# Probiere mal ein Hochzeitsfoto reinzustellen?



## MaHaTawaNa (22. Juni 2004)

ist nur mal ein versuch, hab keine ahnung ob das geht#c ?


----------



## MaHaTawaNa (22. Juni 2004)

*AW: Probiere mal ein Hochzeitsfoto reinzustellen?*

super es hat geklappt !

das ist ein foto von mir und meiner frau,
wir haben geheiratet:l:k  :m !#g


----------



## Garfield0815 (22. Juni 2004)

*AW: Probiere mal ein Hochzeitsfoto reinzustellen?*

Na dann 
*Herzlichen Glückwunsch*


----------



## Magic_Moses (22. Juni 2004)

*AW: Probiere mal ein Hochzeitsfoto reinzustellen?*

Schöne Schuppen...... hat bestimmt an die 100 Pfund und maßig scheint sie auch zu sein.
War bestimmt ein heftiger Drill oder?
Hoffe nur, sie hat beim Abstechen nicht zu sehr gelitten - hast ihr ja bestimmt vorher eins über die Rübe gegeben oder? :q


----------



## rob (22. Juni 2004)

*AW: Probiere mal ein Hochzeitsfoto reinzustellen?*



			
				Magic_Moses schrieb:
			
		

> Schöne Schuppen...... hat bestimmt an die 100 Pfund und maßig scheint sie auch zu sein.
> War bestimmt ein heftiger Drill oder?
> Hoffe nur, sie hat beim Abstechen nicht zu sehr gelitten - hast ihr ja bestimmt vorher eins über die Rübe gegeben oder? :q


 :q     


alles gute gregor zu eurer hochzeit....ein hübsches paar..lg rob#h


----------



## Lachsy (22. Juni 2004)

*AW: Probiere mal ein Hochzeitsfoto reinzustellen?*

glückwunsch zum guten fang  achne zur Hochzeit 

mfg Lachsy


----------



## MaHaTawaNa (22. Juni 2004)

*AW: Probiere mal ein Hochzeitsfoto reinzustellen?*

vielen dank für die glückwünsche#h :m und liebe grüsse aus stockerau!

gregor


----------



## Dorsch1 (22. Juni 2004)

*AW: Probiere mal ein Hochzeitsfoto reinzustellen?*

Hallo Gregor

Meinen Glückwunsch zu diesem traumhaften Fang.#6
Erzähl mal ein bischen über Drill und Landung von diesem Prachtexemplar. :m


----------



## Lauben-Lothar (22. Juni 2004)

*AW: Probiere mal ein Hochzeitsfoto reinzustellen?*

Hallo Gregor,

Glückwunsch auch von mir.:z 
Habe gerade den elften Hochzeitstag hinter mir.:l  
Das hast du noch was vor dir..

Petri


----------



## MaHaTawaNa (22. Juni 2004)

*AW: Probiere mal ein Hochzeitsfoto reinzustellen?*

und wir haben heute unseren 1 monatstag :m danke nochmal!

mfg.Gregor


----------



## Magic_Moses (22. Juni 2004)

*AW: Probiere mal ein Hochzeitsfoto reinzustellen?*

Was zahlt man eigentlich für eine derartig gute Präparation???


----------



## cocco (22. Juni 2004)

*AW: Probiere mal ein Hochzeitsfoto reinzustellen?*

Auch aus Mülheim die besten Wünsche!
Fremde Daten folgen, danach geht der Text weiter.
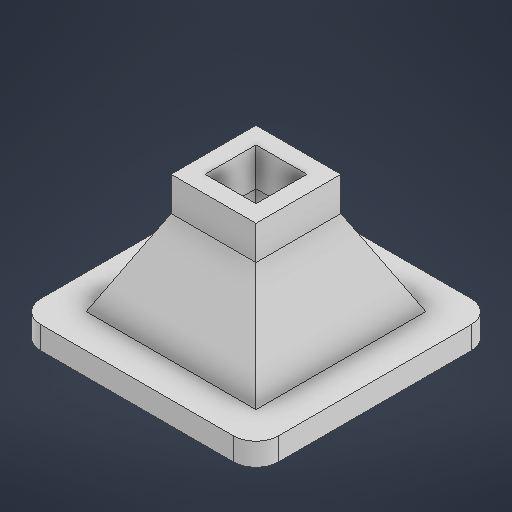
# Autodesk Inventor part: ejercicio_clase_5
Saved by Autodesk Inventor 2026.1 (Build 301233020, 233B)
## iProperties
Created: 2026-02-07
Part Number: ejercicio_clase_5
Material: Genérico
Document SubType Name: Modeling
Designer: UPN
Density: 1 g/cm^3
Appearance: Valor por defecto
Author: UPN
Autodesk Inventor part; units mm, degrees
ref_plane "YZ Plane" through (0, 0, 0) normal (1, 0, 0) x (0, 1, 0)
ref_plane "XZ Plane" through (0, 0, 0) normal (0, 1, 0) x (-1, 0, 0)
sketch "Boceto1" plane through (0, 0, 0) normal (0, 1, 0) x (-1, 0, 0)
  line L0 (-2.125, 2.625) -> (2.125, 2.625)
  line L1 (2.625, 2.125) -> (2.625, -2.125)
  line L2 (2.125, -2.625) -> (-2.125, -2.625)
  line L3 (-2.625, -2.125) -> (-2.625, 2.125)
  line L4 (-2.625, 2.625) -> (2.625, -2.625) construction
  line L5 (2.625, 2.625) -> (-2.625, -2.625) construction
  arc A0 (2.625, 2.125) -> (2.125, 2.625) centre (2.125, 2.125) ccw
  arc A1 (2.125, -2.625) -> (2.625, -2.125) centre (2.125, -2.125) ccw
  arc A2 (-2.625, -2.125) -> (-2.125, -2.625) centre (-2.125, -2.125) ccw
  arc A3 (-2.125, 2.625) -> (-2.625, 2.125) centre (-2.125, 2.125) ccw
  point P0 (0, 0)
  point P1 (0, -2.625)
  dimension "d0" = 0.5
  dimension "d1" = 5.25
  dimension "d2" = 5.25
  constraints: 12 end point, 8 point on circle, 8 point on line, 8 tangent, 4 centre point, 3 equal radius, 3 midpoint, 2 parallel, 1 horizontal, 1 perpendicular
  measures "d0" radius of A0
  measures "d1" distance between parallel lines of L3 L1
  measures "d2" distance from line of point (0, -2.625) L0
extrude "Extrusión1" add sketch "Boceto1" along normal blind 0.5
sketch "Boceto2" plane through (0, 0.5, 0) normal (0, 1, 0) x (1, 0, 0)
  line L0 (1.875, -1.875) -> (-1.875, -1.875)
  line L1 (-1.875, -1.875) -> (-1.875, 1.875)
  line L2 (-1.875, 1.875) -> (1.875, 1.875)
  line L3 (1.875, 1.875) -> (1.875, -1.875)
  line L4 (1.875, -1.875) -> (-1.875, 1.875) construction
  line L5 (-1.875, -1.875) -> (1.875, 1.875) construction
  point P0 (0, 0)
  dimension "d5" = 3.75
  dimension "d6" = 3.75
  constraints: 12 end point, 2 midpoint, 2 parallel, 1 horizontal, 1 perpendicular
  measures "d5" distance of L0.end L1.end
  measures "d6" distance of L0.start L0.end
ref_plane "Plano de trabajo1" through (0, 2.375, 0) normal (0, 1, 0) x (1, 0, 0)
sketch "Boceto3" plane through (0, 2.375, 0) normal (0, 1, 0) x (1, 0, 0)
  line L0 (0.9375, -0.9375) -> (-0.9375, -0.9375)
  line L1 (-0.9375, -0.9375) -> (-0.9375, 0.9375)
  line L2 (-0.9375, 0.9375) -> (0.9375, 0.9375)
  line L3 (0.9375, 0.9375) -> (0.9375, -0.9375)
  line L4 (0.9375, -0.9375) -> (-0.9375, 0.9375) construction
  line L5 (-0.9375, -0.9375) -> (0.9375, 0.9375) construction
  point P0 (0, 0)
  dimension "d8" = 1.875
  dimension "d9" = 1.875
  constraints: 12 end point, 2 midpoint, 2 parallel, 1 horizontal, 1 perpendicular
  measures "d8" distance of L0.end L1.end
  measures "d9" distance of L1.end L2.end
loft "Solevación1" add profiles "Boceto2", "Boceto3"
sketch "Boceto4" plane through (-0.9375, 2.375, 0.9375) normal (0, 1, 0) x (1, 0, 0)
  line L0 (1.875, 0) -> (0, 0) projected
  line L1 (1.875, 1.875) -> (1.875, 0) projected
  line L2 (0, 1.875) -> (1.875, 1.875) projected
  line L3 (0, 0) -> (0, 1.875) projected
  point P0 (0.9375, 0.9375)
extrude "Extrusión2" add sketch "Boceto4" along normal blind 0.75
shell "Vaciado5" thickness 0.375 removed faces 1 at (0.3125, 3.125, 0.3125)
sketch "Boceto11" plane through (0, 0, 0) normal (0, 0, 1) x (1, 0, 0)
  line L0 (1.5182, 0.375) -> (0.5625, 2.2865) projected
  line L1 (-1.5182, 0.375) -> (-0.5625, 2.2865) projected
  line L2 (1.5182, 0.375) -> (1.7057, 0)
  line L3 (-1.5182, 0.375) -> (-1.7057, 0)
  line L4 (1.7057, 0) -> (-1.7057, 0)
  point P0 (0, 0)
  point P1 (-2.625, 0)
  constraints: 6 end point, 2 collinear, 1 horizontal, 1 horizontal alignment
sketch "Boceto10" plane through (0, 0, 0) normal (0, -1, 0) x (1, 0, 0)
  line L0 (1.7057, 1.7057) -> (-1.7057, 1.7057)
  line L1 (-1.7057, 1.7057) -> (-1.7057, -1.7057)
  line L2 (-1.7057, -1.7057) -> (1.7057, -1.7057)
  line L3 (1.7057, -1.7057) -> (1.7057, 1.7057)
  line L4 (1.7057, 1.7057) -> (-1.7057, -1.7057) construction
  line L5 (-1.7057, 1.7057) -> (1.7057, -1.7057) construction
  point P0 (0, 0)
  point P1 (-1.7057, 0)
  point P2 (-1.7057, 0)
  constraints: 12 end point, 3 midpoint, 2 parallel, 2 perpendicular, 1 coincident, 1 horizontal
sketch "Boceto12" plane through (-1.5182, 0.375, -1.5182) normal (0, 1, 0) x (1, 0, 0)
  line L0 (3.0365, -3.0365) -> (3.0365, 0) projected
  line L1 (3.0365, 0) -> (0, 0) projected
  line L2 (0, 0) -> (0, -3.0365) projected
  line L3 (0, -3.0365) -> (3.0365, -3.0365) projected
  point P0 (1.5182, -1.5182)
loft "Solevación3" cut profiles "Boceto10" section 1 edges at (1.5182, 0.375, 0) (0, 0.375, -1.5182) (-1.5182, 0.375, 0) (0, 0.375, 1.5182)
equation "\"d2\" = d1"
equation "\"d6\" = d5"
equation "\"d9\" = d8"

Ich denke , dass war wohl Dein bislang bester Fang!!!


----------



## MaHaTawaNa (22. Juni 2004)

*AW: Probiere mal ein Hochzeitsfoto reinzustellen?*

ja der fang meines lebens, wie du so sagst !

mfg. gregor#h


----------



## Manu1979 (23. Juni 2004)

*AW: Probiere mal ein Hochzeitsfoto reinzustellen?*

Ja guten Morgen!!!

Schööön, das glückliche Ehepaar! Echt, riesen Applaus zum 
SUPER Fang #v 
Wünderschön ist sie! Jetzt ist sie eine richtige Frau! Und die
dunklen Haare passen ihr auch viel besser, als die blonden!
Mein Bruder steht in einer halben Stunde auf... den zeig ich
gleich, was ER nicht bekommen hat *ggg* #y


----------



## mefohunter84 (23. Juni 2004)

*AW: Probiere mal ein Hochzeitsfoto reinzustellen?*

Moin Gregor,

Glückwunsch an Dich und Deine Frau von der Waterkant.  :m 
Wünsche Euch ein glückliches und gesundes Miteinander!  :z  :l  :z 
Bei mir steht dieses Ereignis in diesem jahr auch noch in`s Haus. Allerdings schon schon 2. mal. ( Ich "Unbelehrbarer" )  :q 
Na ja. Die erste Ehe hat immerhin 17 Jahre gehalten.
Also ein prosit  #g  auf Deine Ehe und auf meine baldige und mögen diese bis zum Lebensende glücklich verlaufen!!!  :m 

Mit freundlichen Gruß

-Rolf-


----------



## Manu1979 (23. Juni 2004)

*AW: Probiere mal ein Hochzeitsfoto reinzustellen?*

Hab es ihm schon gezeigt! Er ist grün vor Neid! Der war schon
damals so verliebt in sie und jetzt... tja, zu spät! Er hofft jedenfalls,
dass du ein lieber Ehemann bist und zu schätzen weißt, was für
eine hübsche, liebe, süße Frau du da geheiratet hast, bzw. dein 
EIGEN nennen darfst! Echt, das waren seine Worte! 
Ich gehe jetzt mit meiner kleinen Nichte zur Donau! Vielleicht bisschen 
Blinkern! Kommt drauf an, ob sie brav ist!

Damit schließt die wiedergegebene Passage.